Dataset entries

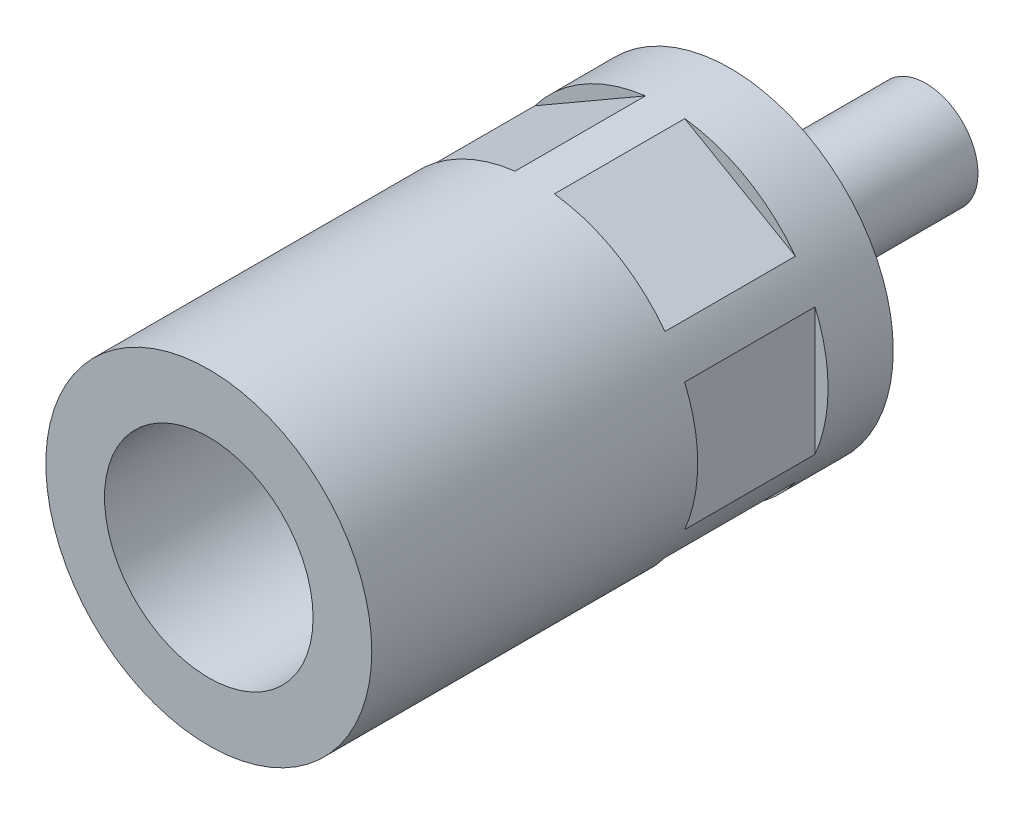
ISO-10303-21;
HEADER;
FILE_DESCRIPTION(('STEP AP214'),'2;1');
FILE_NAME('part.step','',(''),(''),'','','');
FILE_SCHEMA(('AUTOMOTIVE_DESIGN { 1 0 10303 214 1 1 1 1 }'));
ENDSEC;
DATA;
#1=APPLICATION_CONTEXT('core data for automotive mechanical design processes');
#2=APPLICATION_PROTOCOL_DEFINITION('international standard','automotive_design',2000,#1);
#3=PRODUCT_CONTEXT('',#1,'mechanical');
#4=PRODUCT('Part','Part','',(#3));
#5=PRODUCT_RELATED_PRODUCT_CATEGORY('part','',(#4));
#6=PRODUCT_DEFINITION_FORMATION('','',#4);
#7=PRODUCT_DEFINITION_CONTEXT('part definition',#1,'design');
#8=PRODUCT_DEFINITION('design','',#6,#7);
#9=PRODUCT_DEFINITION_SHAPE('','',#8);
#10=(LENGTH_UNIT() NAMED_UNIT(*) SI_UNIT(.MILLI.,.METRE.));
#11=(NAMED_UNIT(*) PLANE_ANGLE_UNIT() SI_UNIT($,.RADIAN.));
#12=(NAMED_UNIT(*) SI_UNIT($,.STERADIAN.) SOLID_ANGLE_UNIT());
#13=UNCERTAINTY_MEASURE_WITH_UNIT(LENGTH_MEASURE(1.E-05),#10,'distance_accuracy_value','');
#14=(GEOMETRIC_REPRESENTATION_CONTEXT(3) GLOBAL_UNCERTAINTY_ASSIGNED_CONTEXT((#13)) GLOBAL_UNIT_ASSIGNED_CONTEXT((#10,
#11,#12)) REPRESENTATION_CONTEXT('',''));
#15=CARTESIAN_POINT('',(0.,0.,0.));
#16=DIRECTION('',(0.,0.,1.));
#17=DIRECTION('',(1.,0.,0.));
#18=AXIS2_PLACEMENT_3D('',#15,#16,#17);
#19=CARTESIAN_POINT('',(0.,0.,80.));
#20=DIRECTION('',(0.,0.,1.));
#21=DIRECTION('',(1.,0.,0.));
#22=AXIS2_PLACEMENT_3D('',#19,#20,#21);
#23=CYLINDRICAL_SURFACE('',#22,25.);
#24=CARTESIAN_POINT('',(0.,0.,10.));
#25=DIRECTION('',(0.,0.,1.));
#26=DIRECTION('',(1.,0.,0.));
#27=AXIS2_PLACEMENT_3D('',#24,#25,#26);
#28=CIRCLE('',#27,25.);
#29=CARTESIAN_POINT('',(-19.9852813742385,-15.0196048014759,10.));
#30=VERTEX_POINT('',#29);
#31=CARTESIAN_POINT('',(-3.01471862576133,-24.8175637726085,10.));
#32=VERTEX_POINT('',#31);
#33=EDGE_CURVE('E153',#30,#32,#28,.T.);
#34=ORIENTED_EDGE('',*,*,#33,.F.);
#35=DIRECTION('',(0.,0.,1.));
#36=VECTOR('',#35,1.);
#37=CARTESIAN_POINT('',(-19.9852813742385,-15.0196048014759,80.));
#38=LINE('',#37,#36);
#39=CARTESIAN_POINT('',(-19.9852813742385,-15.0196048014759,30.));
#40=VERTEX_POINT('',#39);
#41=EDGE_CURVE('E9',#30,#40,#38,.T.);
#42=ORIENTED_EDGE('',*,*,#41,.T.);
#43=CARTESIAN_POINT('',(0.,0.,30.));
#44=DIRECTION('',(0.,0.,1.));
#45=DIRECTION('',(1.,0.,0.));
#46=AXIS2_PLACEMENT_3D('',#43,#44,#45);
#47=CIRCLE('',#46,25.);
#48=CARTESIAN_POINT('',(-3.01471862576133,-24.8175637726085,30.));
#49=VERTEX_POINT('',#48);
#50=EDGE_CURVE('E22',#40,#49,#47,.T.);
#51=ORIENTED_EDGE('',*,*,#50,.T.);
#52=DIRECTION('',(0.,0.,1.));
#53=VECTOR('',#52,1.);
#54=CARTESIAN_POINT('',(-3.01471862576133,-24.8175637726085,80.));
#55=LINE('',#54,#53);
#56=EDGE_CURVE('E150',#49,#32,#55,.F.);
#57=ORIENTED_EDGE('',*,*,#56,.T.);
#58=EDGE_LOOP('',(#34,#42,#51,#57));
#59=FACE_BOUND('',#58,.T.);
#60=DIRECTION('',(0.,0.,1.));
#61=VECTOR('',#60,1.);
#62=CARTESIAN_POINT('',(23.,9.79795897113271,80.));
#63=LINE('',#62,#61);
#64=CARTESIAN_POINT('',(23.,9.79795897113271,10.));
#65=VERTEX_POINT('',#64);
#66=CARTESIAN_POINT('',(23.,9.79795897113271,30.));
#67=VERTEX_POINT('',#66);
#68=EDGE_CURVE('E143',#65,#67,#63,.T.);
#69=ORIENTED_EDGE('',*,*,#68,.F.);
#70=CARTESIAN_POINT('',(23.,-9.79795897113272,10.));
#71=VERTEX_POINT('',#70);
#72=EDGE_CURVE('E142',#71,#65,#28,.T.);
#73=ORIENTED_EDGE('',*,*,#72,.F.);
#74=DIRECTION('',(0.,0.,1.));
#75=VECTOR('',#74,1.);
#76=CARTESIAN_POINT('',(23.,-9.79795897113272,80.));
#77=LINE('',#76,#75);
#78=CARTESIAN_POINT('',(23.,-9.79795897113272,30.));
#79=VERTEX_POINT('',#78);
#80=EDGE_CURVE('E139',#79,#71,#77,.F.);
#81=ORIENTED_EDGE('',*,*,#80,.F.);
#82=EDGE_CURVE('E146',#79,#67,#47,.T.);
#83=ORIENTED_EDGE('',*,*,#82,.T.);
#84=EDGE_LOOP('',(#69,#73,#81,#83));
#85=FACE_BOUND('',#84,.T.);
#86=CARTESIAN_POINT('',(19.9852813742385,15.0196048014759,10.));
#87=VERTEX_POINT('',#86);
#88=CARTESIAN_POINT('',(3.01471862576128,24.8175637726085,10.));
#89=VERTEX_POINT('',#88);
#90=EDGE_CURVE('E135',#87,#89,#28,.T.);
#91=ORIENTED_EDGE('',*,*,#90,.F.);
#92=DIRECTION('',(0.,0.,1.));
#93=VECTOR('',#92,1.);
#94=CARTESIAN_POINT('',(19.9852813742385,15.0196048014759,80.));
#95=LINE('',#94,#93);
#96=CARTESIAN_POINT('',(19.9852813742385,15.0196048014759,30.));
#97=VERTEX_POINT('',#96);
#98=EDGE_CURVE('E136',#87,#97,#95,.T.);
#99=ORIENTED_EDGE('',*,*,#98,.T.);
#100=CARTESIAN_POINT('',(3.01471862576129,24.8175637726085,30.));
#101=VERTEX_POINT('',#100);
#102=EDGE_CURVE('E140',#97,#101,#47,.T.);
#103=ORIENTED_EDGE('',*,*,#102,.T.);
#104=DIRECTION('',(0.,0.,1.));
#105=VECTOR('',#104,1.);
#106=CARTESIAN_POINT('',(3.01471862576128,24.8175637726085,80.));
#107=LINE('',#106,#105);
#108=EDGE_CURVE('E132',#101,#89,#107,.F.);
#109=ORIENTED_EDGE('',*,*,#108,.T.);
#110=EDGE_LOOP('',(#91,#99,#103,#109));
#111=FACE_BOUND('',#110,.T.);
#112=CARTESIAN_POINT('',(0.,0.,0.));
#113=DIRECTION('',(0.,0.,1.));
#114=DIRECTION('',(1.,0.,0.));
#115=AXIS2_PLACEMENT_3D('',#112,#113,#114);
#116=CIRCLE('',#115,25.);
#117=CARTESIAN_POINT('',(25.,0.,0.));
#118=VERTEX_POINT('',#117);
#119=EDGE_CURVE('E202',#118,#118,#116,.T.);
#120=ORIENTED_EDGE('',*,*,#119,.T.);
#121=EDGE_LOOP('',(#120));
#122=FACE_BOUND('',#121,.T.);
#123=CARTESIAN_POINT('',(0.,0.,80.));
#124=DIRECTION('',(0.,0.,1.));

→ **WHAT IS REQUIRED**:
Write out, word for word, the lines from the first line of the entries through the one containing "#1=APPLICATION_CONTEXT('core data for", both included. Leave out the pictures.

→ **WRITTEN SOLUTION**:
ISO-10303-21;
HEADER;
FILE_DESCRIPTION(('STEP AP214'),'2;1');
FILE_NAME('part.step','',(''),(''),'','','');
FILE_SCHEMA(('AUTOMOTIVE_DESIGN { 1 0 10303 214 1 1 1 1 }'));
ENDSEC;
DATA;
#1=APPLICATION_CONTEXT('core data for automotive mechanical design processes');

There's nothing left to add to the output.